Sure, they cautioned stage-divers weighing more than 115 pounds to be mindful of those underneath their flaying, awkwardly stretched-out, catapulting bodies, but the Adolescents never berated the audience, never demeaned the frenzy.

During one of their last refrains, the tumultuous "Kids of the Black Hole," they poignantly called out to their friend Larry, a newcomer to Houston actually affiliated with the famed Black Hole residence in Orange County that helped give birth to Social Distortion and Agent Orange.

The song's refrain, "House of destruction where lurkers roamed/ House that belonged to all the homeless kids," rang out in cross-generation clarity, bridging the worlds of kids separated by decades and thousands of nervous miles. It was the news that stays news, an avatar of angst for tens of thousands, and a brutal memoir that keeps speaking.
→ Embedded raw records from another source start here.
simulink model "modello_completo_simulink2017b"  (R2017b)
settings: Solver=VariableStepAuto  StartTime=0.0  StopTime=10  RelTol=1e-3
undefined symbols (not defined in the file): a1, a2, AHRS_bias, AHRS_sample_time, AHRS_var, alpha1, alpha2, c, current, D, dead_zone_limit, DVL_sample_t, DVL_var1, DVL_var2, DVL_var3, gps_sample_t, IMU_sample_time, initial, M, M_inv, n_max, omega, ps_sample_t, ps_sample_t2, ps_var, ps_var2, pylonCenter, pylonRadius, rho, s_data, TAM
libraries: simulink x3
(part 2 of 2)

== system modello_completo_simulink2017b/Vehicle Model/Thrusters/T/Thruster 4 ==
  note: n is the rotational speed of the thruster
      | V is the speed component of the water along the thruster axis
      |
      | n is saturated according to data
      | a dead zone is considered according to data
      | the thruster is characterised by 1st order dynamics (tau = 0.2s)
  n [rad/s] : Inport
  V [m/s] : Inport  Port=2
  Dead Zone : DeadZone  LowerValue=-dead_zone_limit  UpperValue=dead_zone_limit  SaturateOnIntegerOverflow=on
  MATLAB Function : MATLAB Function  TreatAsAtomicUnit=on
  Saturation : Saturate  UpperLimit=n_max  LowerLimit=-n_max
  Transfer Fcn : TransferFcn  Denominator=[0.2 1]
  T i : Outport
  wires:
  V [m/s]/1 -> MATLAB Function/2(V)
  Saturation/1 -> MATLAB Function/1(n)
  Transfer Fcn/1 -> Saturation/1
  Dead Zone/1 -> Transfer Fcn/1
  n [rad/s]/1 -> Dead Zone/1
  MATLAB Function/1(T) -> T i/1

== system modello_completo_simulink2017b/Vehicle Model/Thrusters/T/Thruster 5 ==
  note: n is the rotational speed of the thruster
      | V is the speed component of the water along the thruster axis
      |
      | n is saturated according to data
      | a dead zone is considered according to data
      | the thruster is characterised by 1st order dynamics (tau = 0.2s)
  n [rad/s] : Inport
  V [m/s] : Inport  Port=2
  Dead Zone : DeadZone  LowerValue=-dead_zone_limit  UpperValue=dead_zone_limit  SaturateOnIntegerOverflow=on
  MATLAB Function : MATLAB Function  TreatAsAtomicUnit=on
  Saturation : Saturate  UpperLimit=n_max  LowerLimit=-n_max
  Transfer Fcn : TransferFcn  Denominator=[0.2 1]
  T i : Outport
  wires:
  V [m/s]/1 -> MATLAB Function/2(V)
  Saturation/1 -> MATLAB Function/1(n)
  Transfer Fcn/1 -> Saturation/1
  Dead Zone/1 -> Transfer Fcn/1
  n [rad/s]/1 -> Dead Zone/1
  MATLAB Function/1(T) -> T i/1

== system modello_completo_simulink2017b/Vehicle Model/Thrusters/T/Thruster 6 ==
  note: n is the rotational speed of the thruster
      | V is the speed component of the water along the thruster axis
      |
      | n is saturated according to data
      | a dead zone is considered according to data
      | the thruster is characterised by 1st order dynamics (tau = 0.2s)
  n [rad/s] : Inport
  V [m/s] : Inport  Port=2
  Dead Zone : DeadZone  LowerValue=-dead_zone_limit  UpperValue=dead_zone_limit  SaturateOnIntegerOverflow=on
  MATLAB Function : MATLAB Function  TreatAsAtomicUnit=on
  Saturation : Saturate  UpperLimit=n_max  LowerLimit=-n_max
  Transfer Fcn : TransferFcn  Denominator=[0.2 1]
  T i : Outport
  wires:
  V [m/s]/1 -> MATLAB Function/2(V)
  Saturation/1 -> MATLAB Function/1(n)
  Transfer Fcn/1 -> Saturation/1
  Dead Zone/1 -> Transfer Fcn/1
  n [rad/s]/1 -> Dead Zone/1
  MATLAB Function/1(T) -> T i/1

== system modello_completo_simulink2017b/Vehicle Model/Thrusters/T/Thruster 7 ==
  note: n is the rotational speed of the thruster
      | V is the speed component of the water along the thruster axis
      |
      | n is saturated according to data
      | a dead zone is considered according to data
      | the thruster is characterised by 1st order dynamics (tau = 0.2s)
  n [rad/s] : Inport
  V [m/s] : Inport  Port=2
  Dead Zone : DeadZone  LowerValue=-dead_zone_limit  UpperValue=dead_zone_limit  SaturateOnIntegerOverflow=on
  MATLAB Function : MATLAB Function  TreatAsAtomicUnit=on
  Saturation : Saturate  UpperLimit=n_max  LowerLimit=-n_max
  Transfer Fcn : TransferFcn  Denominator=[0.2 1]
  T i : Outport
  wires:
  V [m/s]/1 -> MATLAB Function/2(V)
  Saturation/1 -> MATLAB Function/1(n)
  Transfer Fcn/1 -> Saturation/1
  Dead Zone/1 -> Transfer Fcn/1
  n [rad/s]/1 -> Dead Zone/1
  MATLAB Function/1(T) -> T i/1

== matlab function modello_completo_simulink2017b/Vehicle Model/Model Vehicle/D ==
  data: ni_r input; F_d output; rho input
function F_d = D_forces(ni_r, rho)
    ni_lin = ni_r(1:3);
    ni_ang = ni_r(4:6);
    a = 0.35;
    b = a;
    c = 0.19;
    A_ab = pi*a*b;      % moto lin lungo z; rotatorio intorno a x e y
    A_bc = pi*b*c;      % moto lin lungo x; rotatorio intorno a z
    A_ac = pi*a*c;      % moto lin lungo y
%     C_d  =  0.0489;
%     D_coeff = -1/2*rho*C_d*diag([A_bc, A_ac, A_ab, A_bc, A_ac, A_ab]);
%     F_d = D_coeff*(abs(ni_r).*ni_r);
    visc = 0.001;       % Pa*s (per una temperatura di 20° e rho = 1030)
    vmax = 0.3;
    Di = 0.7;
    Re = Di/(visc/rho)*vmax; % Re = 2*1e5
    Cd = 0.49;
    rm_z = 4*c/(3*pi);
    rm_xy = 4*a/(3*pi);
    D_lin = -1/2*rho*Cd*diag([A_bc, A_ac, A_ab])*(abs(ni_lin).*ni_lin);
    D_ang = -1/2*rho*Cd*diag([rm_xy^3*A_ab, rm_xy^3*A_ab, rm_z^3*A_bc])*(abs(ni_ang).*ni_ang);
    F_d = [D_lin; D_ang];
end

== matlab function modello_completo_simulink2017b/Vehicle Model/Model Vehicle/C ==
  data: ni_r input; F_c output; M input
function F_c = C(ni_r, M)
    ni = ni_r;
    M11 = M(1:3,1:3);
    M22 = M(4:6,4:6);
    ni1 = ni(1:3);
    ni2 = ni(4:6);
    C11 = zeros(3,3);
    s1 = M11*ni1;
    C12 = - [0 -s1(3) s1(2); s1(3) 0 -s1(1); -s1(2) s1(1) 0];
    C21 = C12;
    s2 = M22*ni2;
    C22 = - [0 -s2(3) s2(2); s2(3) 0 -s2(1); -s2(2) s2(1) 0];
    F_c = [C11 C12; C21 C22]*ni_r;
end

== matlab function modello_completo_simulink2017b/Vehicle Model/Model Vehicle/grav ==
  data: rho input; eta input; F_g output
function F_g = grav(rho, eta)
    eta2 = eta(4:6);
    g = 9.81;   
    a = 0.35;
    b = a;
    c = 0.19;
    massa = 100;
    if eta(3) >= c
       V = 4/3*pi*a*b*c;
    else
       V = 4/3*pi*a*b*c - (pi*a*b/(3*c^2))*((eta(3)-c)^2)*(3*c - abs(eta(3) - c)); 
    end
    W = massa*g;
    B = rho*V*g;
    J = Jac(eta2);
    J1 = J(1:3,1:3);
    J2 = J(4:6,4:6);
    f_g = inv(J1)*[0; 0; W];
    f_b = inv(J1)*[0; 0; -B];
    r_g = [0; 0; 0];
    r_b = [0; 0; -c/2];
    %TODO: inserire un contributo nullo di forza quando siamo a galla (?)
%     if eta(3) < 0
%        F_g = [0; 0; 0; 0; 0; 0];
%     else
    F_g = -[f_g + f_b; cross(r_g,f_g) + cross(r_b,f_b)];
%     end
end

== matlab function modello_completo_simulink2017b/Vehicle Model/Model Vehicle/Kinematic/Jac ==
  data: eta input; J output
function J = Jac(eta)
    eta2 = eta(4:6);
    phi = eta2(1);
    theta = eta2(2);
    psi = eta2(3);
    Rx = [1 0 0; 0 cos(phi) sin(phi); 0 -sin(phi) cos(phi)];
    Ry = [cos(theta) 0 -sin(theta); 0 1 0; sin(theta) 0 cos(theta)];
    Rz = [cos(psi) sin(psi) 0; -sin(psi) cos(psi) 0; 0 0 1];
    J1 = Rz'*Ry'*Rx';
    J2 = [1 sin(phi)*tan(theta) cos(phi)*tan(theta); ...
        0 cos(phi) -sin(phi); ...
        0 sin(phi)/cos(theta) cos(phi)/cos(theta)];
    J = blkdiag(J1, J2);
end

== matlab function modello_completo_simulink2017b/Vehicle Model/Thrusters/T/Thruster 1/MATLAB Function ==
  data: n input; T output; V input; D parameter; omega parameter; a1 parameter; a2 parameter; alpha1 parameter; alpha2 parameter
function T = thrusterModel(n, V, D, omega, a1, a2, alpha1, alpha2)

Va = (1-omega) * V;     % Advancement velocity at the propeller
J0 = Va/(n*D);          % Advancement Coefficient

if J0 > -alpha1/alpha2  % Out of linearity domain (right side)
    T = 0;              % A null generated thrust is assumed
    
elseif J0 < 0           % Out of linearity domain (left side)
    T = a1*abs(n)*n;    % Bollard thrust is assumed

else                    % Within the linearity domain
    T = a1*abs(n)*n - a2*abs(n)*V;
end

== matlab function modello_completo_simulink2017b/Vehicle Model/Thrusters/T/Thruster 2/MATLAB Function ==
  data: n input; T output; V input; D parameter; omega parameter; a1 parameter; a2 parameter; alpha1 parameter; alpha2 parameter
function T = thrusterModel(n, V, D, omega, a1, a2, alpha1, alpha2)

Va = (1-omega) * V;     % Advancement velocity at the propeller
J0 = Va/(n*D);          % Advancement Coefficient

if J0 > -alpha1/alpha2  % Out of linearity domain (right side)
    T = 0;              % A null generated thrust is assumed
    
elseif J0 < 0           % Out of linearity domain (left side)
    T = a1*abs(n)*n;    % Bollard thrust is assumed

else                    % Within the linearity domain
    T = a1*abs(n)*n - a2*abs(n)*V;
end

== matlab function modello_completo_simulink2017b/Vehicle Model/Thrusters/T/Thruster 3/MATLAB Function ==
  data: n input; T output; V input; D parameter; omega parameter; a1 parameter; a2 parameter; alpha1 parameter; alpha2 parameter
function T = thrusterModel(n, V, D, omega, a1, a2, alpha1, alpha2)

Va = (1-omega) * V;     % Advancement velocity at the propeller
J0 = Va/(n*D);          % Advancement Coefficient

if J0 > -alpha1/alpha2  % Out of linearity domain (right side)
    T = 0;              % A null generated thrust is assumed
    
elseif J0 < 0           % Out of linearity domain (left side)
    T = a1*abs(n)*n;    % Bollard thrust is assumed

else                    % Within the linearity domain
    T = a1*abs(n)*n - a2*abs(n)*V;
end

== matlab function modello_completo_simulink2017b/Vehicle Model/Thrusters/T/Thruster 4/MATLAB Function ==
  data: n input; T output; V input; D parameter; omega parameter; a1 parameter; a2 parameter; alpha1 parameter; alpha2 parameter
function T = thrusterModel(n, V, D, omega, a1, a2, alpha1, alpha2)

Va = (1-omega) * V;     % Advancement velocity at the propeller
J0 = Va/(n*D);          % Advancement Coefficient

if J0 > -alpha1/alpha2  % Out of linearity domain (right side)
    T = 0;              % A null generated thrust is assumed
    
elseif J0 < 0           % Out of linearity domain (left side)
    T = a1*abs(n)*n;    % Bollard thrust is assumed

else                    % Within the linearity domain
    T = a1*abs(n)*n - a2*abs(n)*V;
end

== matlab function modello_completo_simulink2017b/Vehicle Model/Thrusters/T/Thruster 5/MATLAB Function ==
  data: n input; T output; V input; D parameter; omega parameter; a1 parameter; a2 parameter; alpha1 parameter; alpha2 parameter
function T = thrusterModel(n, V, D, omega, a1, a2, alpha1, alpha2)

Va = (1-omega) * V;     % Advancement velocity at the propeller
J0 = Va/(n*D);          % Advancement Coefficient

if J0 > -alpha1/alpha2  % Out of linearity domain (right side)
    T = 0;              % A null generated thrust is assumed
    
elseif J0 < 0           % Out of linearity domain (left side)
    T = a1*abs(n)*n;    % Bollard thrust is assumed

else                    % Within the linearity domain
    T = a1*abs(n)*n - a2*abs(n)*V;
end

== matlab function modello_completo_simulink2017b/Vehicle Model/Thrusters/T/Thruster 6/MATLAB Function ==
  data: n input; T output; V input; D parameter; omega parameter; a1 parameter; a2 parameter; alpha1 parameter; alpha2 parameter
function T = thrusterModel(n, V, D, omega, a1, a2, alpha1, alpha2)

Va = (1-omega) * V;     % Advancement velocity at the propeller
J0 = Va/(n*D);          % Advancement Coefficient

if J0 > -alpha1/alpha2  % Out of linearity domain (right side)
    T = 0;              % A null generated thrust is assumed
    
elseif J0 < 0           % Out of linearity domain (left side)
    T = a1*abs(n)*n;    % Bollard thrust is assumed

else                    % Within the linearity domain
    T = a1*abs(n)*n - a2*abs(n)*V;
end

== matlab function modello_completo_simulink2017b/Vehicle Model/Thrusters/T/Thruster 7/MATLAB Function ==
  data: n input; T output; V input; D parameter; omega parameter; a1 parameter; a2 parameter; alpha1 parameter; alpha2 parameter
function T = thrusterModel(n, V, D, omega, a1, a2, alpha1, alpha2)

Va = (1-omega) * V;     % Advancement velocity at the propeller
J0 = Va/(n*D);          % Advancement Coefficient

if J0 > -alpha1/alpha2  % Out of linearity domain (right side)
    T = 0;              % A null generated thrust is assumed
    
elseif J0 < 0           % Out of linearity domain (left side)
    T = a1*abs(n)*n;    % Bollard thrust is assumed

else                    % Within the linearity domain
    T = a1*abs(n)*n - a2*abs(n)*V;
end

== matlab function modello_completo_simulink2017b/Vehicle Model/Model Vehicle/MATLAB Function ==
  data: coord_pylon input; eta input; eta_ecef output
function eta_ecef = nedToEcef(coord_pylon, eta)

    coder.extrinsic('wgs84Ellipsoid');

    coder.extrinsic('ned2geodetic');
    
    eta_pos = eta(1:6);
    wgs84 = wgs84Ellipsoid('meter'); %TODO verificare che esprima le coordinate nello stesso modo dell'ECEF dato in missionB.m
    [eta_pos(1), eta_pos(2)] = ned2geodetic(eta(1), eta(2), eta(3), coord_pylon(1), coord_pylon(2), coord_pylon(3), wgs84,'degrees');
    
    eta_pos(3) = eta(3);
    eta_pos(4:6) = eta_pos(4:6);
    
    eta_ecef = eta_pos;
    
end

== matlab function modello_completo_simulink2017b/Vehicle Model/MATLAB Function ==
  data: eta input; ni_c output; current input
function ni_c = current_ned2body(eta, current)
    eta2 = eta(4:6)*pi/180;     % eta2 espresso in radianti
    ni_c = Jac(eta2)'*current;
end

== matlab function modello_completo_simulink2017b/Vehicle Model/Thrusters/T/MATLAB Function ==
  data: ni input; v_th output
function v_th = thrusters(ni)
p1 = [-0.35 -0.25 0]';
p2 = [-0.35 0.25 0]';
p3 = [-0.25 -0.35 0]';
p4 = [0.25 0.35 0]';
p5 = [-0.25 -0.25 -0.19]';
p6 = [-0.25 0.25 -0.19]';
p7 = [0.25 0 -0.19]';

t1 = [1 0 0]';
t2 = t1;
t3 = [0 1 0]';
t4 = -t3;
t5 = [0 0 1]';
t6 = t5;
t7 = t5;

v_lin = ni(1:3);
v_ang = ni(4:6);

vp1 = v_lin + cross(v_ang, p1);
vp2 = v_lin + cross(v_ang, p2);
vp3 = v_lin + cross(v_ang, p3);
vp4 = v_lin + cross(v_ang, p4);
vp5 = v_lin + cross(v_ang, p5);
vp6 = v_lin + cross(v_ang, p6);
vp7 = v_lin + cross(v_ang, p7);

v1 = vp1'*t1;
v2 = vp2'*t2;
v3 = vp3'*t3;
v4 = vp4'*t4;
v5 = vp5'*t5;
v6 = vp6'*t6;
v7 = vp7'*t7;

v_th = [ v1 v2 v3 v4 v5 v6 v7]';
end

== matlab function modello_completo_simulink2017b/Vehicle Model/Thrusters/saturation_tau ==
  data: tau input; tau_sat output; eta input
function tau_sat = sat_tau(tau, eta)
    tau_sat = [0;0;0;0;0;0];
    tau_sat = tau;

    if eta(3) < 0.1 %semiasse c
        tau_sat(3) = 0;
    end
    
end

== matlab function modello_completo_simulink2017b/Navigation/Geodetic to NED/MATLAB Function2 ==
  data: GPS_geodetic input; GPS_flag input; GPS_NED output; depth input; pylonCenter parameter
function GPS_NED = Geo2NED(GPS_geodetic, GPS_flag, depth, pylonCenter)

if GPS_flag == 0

For a second, they seem to veer on the verge of ending with "I Got a Right," their Iggy and the Stooges staple, but instead jolted the crowd with a fiery rendition of "Sonic Reducer," which proved even more bruising and behemoth than the one unlocked by Jerry Anomie of Legionaire's Disease and Doomsday Massacre at last month's Island Reunion. It amounted to a deft and deeply burrowed nod to a common musical ancestry, like desperado days made anew.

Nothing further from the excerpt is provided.